# Icone en bas d'ecran IOS 10



## Bigouze59 (12 Avril 2017)

Bonjour a tous,
Je viens vers vous car un sujet m'agace depuis quelque temps.
J'ai un iphone 6S avec MAJ à jour, ma
Femme un iphone SE à jour également. Sur son iphone, une icone est présente en bas a gauche de son écran verrouillé, mais pas sur le mien. Son icone est facebook mais après peu importe, je veux juste comprendre pourquoi après examen de ses réglages et des miens, moi je n'ai pas cette icône.
Merci d'avance


----------



## dragao13 (12 Avril 2017)

Je sais plus si c'est l'appli la plus utilisée ou la dernière utilisée mais chez toi, ça marche pas !
J'ai le même iPhone et je l'ai.
P'tit bug surement... peut-être handoff qui est en cause !


----------



## Bigouze59 (12 Avril 2017)

oui, il doit y avoir un réglage mais impossible à trouver


----------



## dragao13 (12 Avril 2017)

Déconnecte toi de ton profil iCloud et connecte toi de nouveau pour voir !
Redémarre l' iPhone ...


----------



## lineakd (12 Avril 2017)

@Bigouze59, regarde l'app réglages/général/handoff/ si "handoff" est activé.


----------



## Bigouze59 (12 Avril 2017)

dragao13 a dit:


> Déconnecte toi de ton profil iCloud et connecte toi de nouveau pour voir !
> Redémarre l' iPhone ...


C'est fait mais malheureusement ça n'as pas résolu mon soucis :/


----------



## dragao13 (12 Avril 2017)

Et t'as suivi le conseil de @lineakd ?


----------



## Bigouze59 (12 Avril 2017)

lineakd a dit:


> @Bigouze59, regarde l'app réglages/général/handoff/ si "handoff" est activé.

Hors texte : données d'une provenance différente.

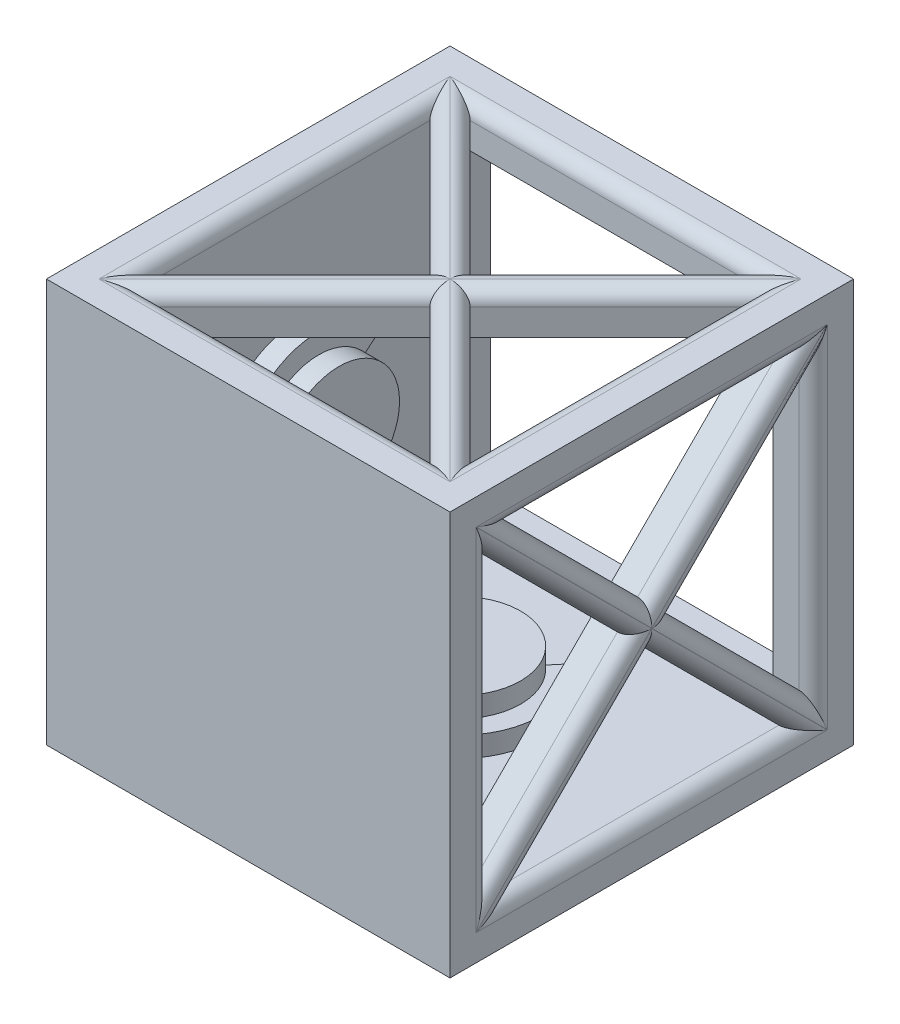
SolidWorks part; units mm, degrees
note: '?' marks a value the reader was unsure of.
ref_plane "Front Plane" through (0, 0, 0) normal (0, 0, 1) x (1, 0, 0)
ref_plane "Top Plane" through (0, 0, 0) normal (0, 1, 0) x (1, 0, 0)
ref_plane "Right Plane" through (0, 0, 0) normal (1, 0, 0) x (0, 0, -1)
sketch "Sketch1" plane through (0, 0, 0) normal (0, 1, 0) x (1, 0, 0)
  line L0 (36.4133, 74.7318) -> (36.4133, -25.2682)
  line L1 (36.4133, -25.2682) -> (-63.5867, -25.2682)
  line L2 (-63.5867, -25.2682) -> (-63.5867, 74.7318)
  line L3 (-63.5867, 74.7318) -> (36.4133, 74.7318)
extrude "Boss-Extrude1" add sketch "Sketch1" along normal blind 100
sketch "Sketch2" plane through (0, 100, 0) normal (0, 1, 0) x (1, 0, 0)
  line L3 (-53.5867, 64.7318) -> (26.4133, 64.7318)
  line L4 (26.4133, 64.7318) -> (26.4133, -15.2682)
  line L5 (26.4133, -15.2682) -> (-53.5867, -15.2682)
  line L6 (-53.5867, -15.2682) -> (-53.5867, 64.7318)
extrude "Cut-Extrude1" cut sketch "Sketch2" against normal blind 100
sketch "Sketch3" plane through (0, 0, 25.2682) normal (0, 0, 1) x (1, 0, 0)
  line L3 (-53.5867, 90) -> (26.4133, 90)
  line L4 (26.4133, 90) -> (26.4133, 10)
  line L5 (26.4133, 10) -> (-53.5867, 10)
  line L6 (-53.5867, 10) -> (-53.5867, 90)
extrude "Cut-Extrude2" cut sketch "Sketch3" against normal blind 100
sketch "Sketch4" plane through (-63.5867, 0, 0) normal (-1, 0, 0) x (0, 0, 1)
  line L3 (15.2682, 10) -> (-64.7318, 10)
  line L4 (-64.7318, 10) -> (-64.7318, 90)
  line L5 (-64.7318, 90) -> (15.2682, 90)
  line L6 (15.2682, 90) -> (15.2682, 10)
  line L14 (-64.7318, 85) -> (10.2682, 10)
  line L15 (15.2682, 15) -> (-59.7318, 90)
  line L17 (-64.7318, 15) -> (10.2682, 90)
  line L18 (15.2682, 85) -> (-59.7318, 10)
extrude "Cut-Extrude3" cut sketch "Sketch4" against normal blind 100
fillet "Fillet39" radius 3.505 8 edges at (-53.5867, 27.5, -42.2318) (-63.5867, 27.5, -42.2318) (-63.5867, 10, -24.7318) (-53.5867, 10, -24.7318) (-58.5867, 45, -24.7318) (-63.5867, 27.5, -7.2318) (-58.5867, 10, 10.2682) (-53.5867, 27.5, -7.2318)
fillet "Fillet40" radius 3.505 8 edges at (-53.5867, 72.5, -42.2318) (-63.5867, 72.5, -42.2318) (-63.5867, 72.5, -7.2318) (-53.5867, 72.5, -7.2318) (-58.5867, 90, -59.7318) (-63.5867, 90, -24.7318) (-58.5867, 90, 10.2682) (-53.5867, 90, -24.7318)
fillet "Fillet41" radius 3.505 8 edges at (-53.5867, 67.5, -2.2318) (-63.5867, 67.5, -2.2318) (-63.5867, 32.5, -2.2318) (-53.5867, 32.5, -2.2318) (-58.5867, 85, 15.2682) (-63.5867, 50, 15.2682) (-58.5867, 15, 15.2682) (-53.5867, 50, 15.2682)
fillet "Fillet42" radius 3.505 8 edges at (-53.5867, 50, -64.7318) (-63.5867, 50, -64.7318) (-63.5867, 32.5, -47.2318) (-53.5867, 32.5, -47.2318) (-58.5867, 85, -64.7318) (-63.5867, 67.5, -47.2318) (-58.5867, 50, -29.7318) (-53.5867, 67.5, -47.2318)
sketch "Sketch5" plane through (0, 10, 0) normal (0, 1, 0) x (1, 0, 0)
  line L0 (26.4133, -25.2682) -> (-53.5867, -25.2682)
  line L1 (-53.5867, -25.2682) -> (-53.5867, -20.2682)
  line L2 (-53.5867, -20.2682) -> (26.4133, -20.2682)
  line L3 (26.4133, -15.2682) -> (26.4133, -25.2682) construction
  line L4 (26.4133, -20.2682) -> (26.4133, -25.2682)
extrude "Boss-Extrude2" add sketch "Sketch5" along normal blind 80
sketch "Sketch9" plane through (0, 100, 0) normal (0, 1, 0) x (1, 0, 0)
  line L0 (26.4133, -15.0527) -> (26.4133, -10.0527)
  line L1 (26.4133, -15.2682) -> (26.4133, 64.7318) construction
  line L2 (26.4133, -15.0527) -> (21.4133, -15.0527)
  line L3 (26.4133, 59.7318) -> (26.4133, 64.7318)
  line L4 (26.4133, 64.7318) -> (21.4133, 64.7318)
  line L5 (26.4133, 64.7318) -> (-53.5867, 64.7318) construction
  line L6 (-53.5867, -15.2682) -> (-48.5867, -15.2682)
  line L7 (-53.5867, -15.2682) -> (26.4133, -15.2682) construction
  line L8 (-53.5867, -15.2682) -> (-53.5867, -10.2682)
  line L9 (-53.5867, 64.7318) -> (-53.5867, -15.2682) construction
  line L10 (-53.5867, -10.2682) -> (21.4133, 64.7318)
  line L11 (-48.5867, -15.2682) -> (26.4133, 59.7318)
  line L12 (-53.5867, 64.7318) -> (-48.5867, 64.7318)
  line L13 (-53.5867, 64.7318) -> (-53.5867, 59.7318)
  line L14 (-53.5867, 59.7318) -> (21.4133, -15.0527)
  line L15 (-48.5867, 64.7318) -> (26.4133, -10.0527)
  line M1 (26.4133, -15.2682) -> (-53.5867, -15.2682)
  line M2 (-53.5867, -15.2682) -> (-53.5867, 64.7318)
  line M3 (-53.5867, 64.7318) -> (26.4133, 64.7318)
  line M4 (26.4133, 64.7318) -> (26.4133, -15.2682)
extrude "Boss-Extrude4" add sketch "Sketch9" against normal blind 10 contours L15 L10 L14 L11 | L15 L14 L10 M3 M2 | L14 L10 L11 M2 M1 | L15 L11 L14 L2 M4 | L10 L15 L11 M4 M3
fillet "Fillet106" radius 3.505 1 edges at (-13.5867, 100, -64.7318)
fillet "Fillet107" radius 3.505 10 edges at (26.4133, 100, -24.8395) (5.691, 100, -49.0095) (-32.8191, 100, -49.0095) (-53.5867, 100, -24.7318) (-36.0615, 100, -42.257) (-36.0615, 100, -7.257) (-31.0579, 100, -2.2605) (3.9421, 100, -2.3683) (8.9421, 100, -42.2605) (8.9421, 100, -7.3683)
fillet "Fillet108" radius 3.505 1 edges at (-13.5651, 100, 15.2682)
ref_plane "Plane1" through (0, 50, 0) normal (0, 1, 0) x (1, 0, 0)
mirror "Mirror3" about plane through (0, 50, 0) normal (0, 1, 0) of "Boss-Extrude4"
fillet "Fillet109" radius 3.505 11 edges at (-11.0867, 0, 15.2682) (-13.5867, 0, -64.7318) (-53.5867, 0, -24.7318) (8.9421, 0, -42.2605) (-36.0615, 0, -42.257) (-31.0579, 0, -2.2605) (3.9421, 0, -2.3683) (8.9421, 0, -7.3683) (-36.0615, 0, -7.257) (-31.0615, 0, -47.257) (3.9385, 0, -47.257)
sketch "Sketch10" plane through (0, 0, 0) normal (0, -1, 0) x (-1, 0, 0)
  line L0 (-36.4133, -25.2682) -> (-36.4133, 74.7318)
  line L1 (-36.4133, 74.7318) -> (63.5867, 74.7318)
  line L2 (63.5867, 74.7318) -> (63.5867, -25.2682)
  line L3 (63.5867, -25.2682) -> (-36.4133, -25.2682)
extrude "Boss-Extrude6" add sketch "Sketch10" against normal blind 10
sketch "Sketch11" plane through (0, 100, 0) normal (0, 1, 0) x (1, 0, 0)
  line L1 (-63.5867, -25.2682) -> (36.4133, -25.2682)
  line L2 (-63.5867, -25.2682) -> (-63.5867, 74.7318)
  line L3 (-63.5867, 74.7318) -> (36.4133, 74.7318)
  line L4 (36.4133, -25.2682) -> (36.4133, 74.7318)
extrude "Boss-Extrude7" add sketch "Sketch11" against normal blind 10
sketch "Sketch12" plane through (0, 0, 20.2682) normal (0, 0, -1) x (-1, 0, 0)
  circle A0 centre (13.5867, 50) radius 15
extrude "Boss-Extrude8" add sketch "Sketch12" along normal blind 10
sketch "Sketch13" plane through (0, 0, 20.2682) normal (0, 0, -1) x (-1, 0, 0)
  line L0 (-0.5554, 64.1421) -> (2.9801, 60.6066)
  line L1 (2.9801, 39.3934) -> (-0.5554, 35.8579)
  line L2 (27.7288, 64.1421) -> (24.1933, 60.6066)
  line L3 (27.7288, 35.8579) -> (24.1933, 39.3934)
  arc A0 (-0.5554, 64.1421) -> (-0.5554, 35.8579) centre (13.5867, 50) ccw
  arc A1 (27.7288, 35.8579) -> (27.7288, 64.1421) centre (13.5867, 50) ccw
  arc A2 (2.9801, 60.6066) -> (2.9801, 39.3934) centre (13.5867, 50) ccw
  arc A3 (24.1933, 39.3934) -> (24.1933, 60.6066) centre (13.5867, 50) ccw
extrude "Boss-Extrude9" add sketch "Sketch13" along normal blind 5
sketch "Sketch18" plane through (0, 10, 0) normal (0, 1, 0) x (1, 0, 0)
  line L0 (-53.5867, 74.7318) -> (26.4133, -20.2682) construction
  line L1 (26.4133, -20.2682) -> (26.4133, 74.7318) construction
  line L2 (26.4133, 74.7318) -> (-53.5867, -20.2682) construction
  circle A0 centre (-13.5867, 27.2318) radius 15
extrude "Boss-Extrude10" add sketch "Sketch18" along normal blind 10
sketch "Sketch19" plane through (0, 10, 0) normal (0, 1, 0) x (1, 0, 0)
  line L0 (-53.5867, 74.7318) -> (-23.2487, 38.7054) construction
  line L1 (26.4133, -20.2682) -> (26.4133, 74.7318) construction
  line L2 (26.4133, 74.7318) -> (-3.9247, 38.7054) construction
  line L3 (-26.4694, 42.53) -> (-23.2487, 38.7054)
  line L4 (-26.4694, 11.9335) -> (-23.2487, 15.7581)
  line L5 (-3.9247, 15.7581) -> (26.4133, -20.2682) construction
  line L6 (-3.9247, 15.7581) -> (-0.704, 11.9335)
  line L7 (-23.2487, 15.7581) -> (-53.5867, -20.2682) construction
  line L8 (-3.9247, 38.7054) -> (-0.704, 42.53)
  arc A0 (-26.4694, 42.53) -> (-26.4694, 11.9335) centre (-13.5867, 27.2318) ccw
  arc A1 (-0.704, 11.9335) -> (-0.704, 42.53) centre (-13.5867, 27.2318) ccw
  arc A2 (-23.2487, 38.7054) -> (-23.2487, 15.7581) centre (-13.5867, 27.2318) ccw
  arc A3 (-3.9247, 15.7581) -> (-3.9247, 38.7054) centre (-13.5867, 27.2318) ccw
extrude "Boss-Extrude11" add sketch "Sketch19" along normal blind 5
sketch "Sketch22" plane through (0, 0, 20.2682) normal (0, 0, -1) x (-1, 0, 0)
  line L0 (53.5867, 10) -> (-26.4133, 90) construction
  line L1 (-26.4133, 90) -> (53.5867, 90) construction
  line L2 (53.5867, 90) -> (-26.4133, 10) construction
  point P9 (13.5867, 50)
ref_axis "Axis4" through (-13.5867, 50, 20.2682) along (0, 0, -1)?
sketch "Sketch25" plane through (0, 100, 0) normal (0, 1, 0) x (1, 0, 0)
  line L0 (-53.5867, 64.7318) -> (-53.5867, 59.7318)
  line L1 (-53.5867, -15.2682) -> (-53.5867, -10.2682)
  line L2 (-53.5867, 64.7318) -> (-53.5867, -15.2682)
  line L3 (-53.5867, -15.2682) -> (26.4133, -15.2682)
  line L4 (26.4133, -15.2682) -> (26.4133, 64.7318)
  line L5 (26.4133, 64.7318) -> (-53.5867, 64.7318)
  line L6 (26.4133, 59.7318) -> (26.4133, -10.2682)
  line L7 (26.4133, -15.2682) -> (21.4133, -15.2682)
  line L8 (26.4133, 64.7318) -> (21.4133, 64.7318)
  line L9 (26.4133, 59.7318) -> (-48.5867, -15.2682)
  line L10 (21.4133, 64.7318) -> (-53.5867, -10.2682)
  line L11 (-53.5867, 64.7318) -> (-48.5867, 64.7318)
  line L12 (-48.5867, -15.2682) -> (-53.5867, -15.2682)
  line L13 (26.4133, -10.2682) -> (-48.5867, 64.7318)
  line L14 (21.4133, -15.2682) -> (-53.5867, 59.7318)
extrude "Cut-Extrude4" cut sketch "Sketch25" against normal blind 10 contours L13 L4 L9 | L3 L14 L9 | L10 L14 L2 | L13 L10 L5
sketch "Sketch26" plane through (-63.5867, 0, 0) normal (-1, 0, 0) x (0, 0, 1)
  line L1 (-70.3057, 95.4321) -> (21.5353, 95.4321)
  line L2 (-70.3057, 95.4321) -> (-70.3057, 6.084)
  line L3 (-70.3057, 6.084) -> (21.5353, 6.084)
  line L4 (21.5353, 95.4321) -> (21.5353, 6.084)
extrude "Boss-Extrude12" add sketch "Sketch26" against normal blind 10
fillet "Fillet113" radius 3.505 1 edges at (26.4133, 100, -24.7318)
fillet "Fillet114" radius 3.505 12 edges at (36.4133, 10, -24.7318) (36.4133, 50, 15.2682) (36.4133, 67.5, -2.2318) (36.4133, 32.5, -2.2318) (36.4133, 27.5, -7.2318) (36.4133, 27.5, -42.2318) (36.4133, 32.5, -47.2318) (36.4133, 50, -64.7318) (36.4133, 67.5, -47.2318) (36.4133, 72.5, -7.2318) (36.4133, 72.5, -42.2318) (36.4133, 90, -24.7318)
sketch "Sketch28" plane through (-53.5867, 0, 0) normal (1, 0, 0) x (0, 0, -1)
  line L1 (-20.2682, 90) -> (-20.2682, 10)
  circle A0 centre (27.2318, 50) radius 15
extrude "Boss-Extrude13" add sketch "Sketch28" along normal blind 10 contours A0
sketch "Sketch29" plane through (-53.5867, 0, 0) normal (1, 0, 0) x (0, 0, -1)
  line L0 (38.7054, 59.662) -> (42.53, 62.8827)
  line L1 (38.7054, 40.338) -> (42.53, 37.1173)
  line L2 (15.7581, 59.662) -> (11.9335, 62.8827)
  line L3 (15.7581, 40.338) -> (11.9335, 37.1173)
  arc A0 (42.53, 62.8827) -> (11.9335, 62.8827) centre (27.2318, 50) ccw
  arc A1 (11.9335, 37.1173) -> (42.53, 37.1173) centre (27.2318, 50) ccw
  arc A2 (38.7054, 59.662) -> (15.7581, 59.662) centre (27.2318, 50) ccw
  arc A3 (15.7581, 40.338) -> (38.7054, 40.338) centre (27.2318, 50) ccw
extrude "Boss-Extrude14" add sketch "Sketch29" along normal blind 5
fillet "Fillet115" radius 3.505 11 edges at (-53.5867, 100, -24.7318) (-13.5867, 100, 15.2682) (-31.0867, 100, -2.2318) (3.9133, 100, -2.2318) (10.6658, 100, -5.4793) (10.6658, 100, -43.9843) (3.9133, 100, -47.2318) (-13.5867, 100, -64.7318) (-31.0867, 100, -47.2318) (-36.0867, 100, -42.2318) (-36.0867, 100, -7.2318)

Oui il l'est, j'ai même essayer de le désactiver, réactiver et redémarrer.


----------



## dragao13 (12 Avril 2017)

Si tu sauvegardes ton iPhone sur iTunes et que tu le réinitialises puis tu remets ta sauvegarde, je pense que ça règlera le bug de cette daube d' iOS 10 !!!  (oui... oui... c'est une version truffée de bugs et de plus en plus à la ramasse par rapport à nos besoins).

Par contre, pour les émoticones : c'est top !


----------



## lineakd (13 Avril 2017)

@Bigouze59, est ce que tes deux appareils sont connectés sur le même compte iCloud, que le wifi et le Bluetooth sont activés?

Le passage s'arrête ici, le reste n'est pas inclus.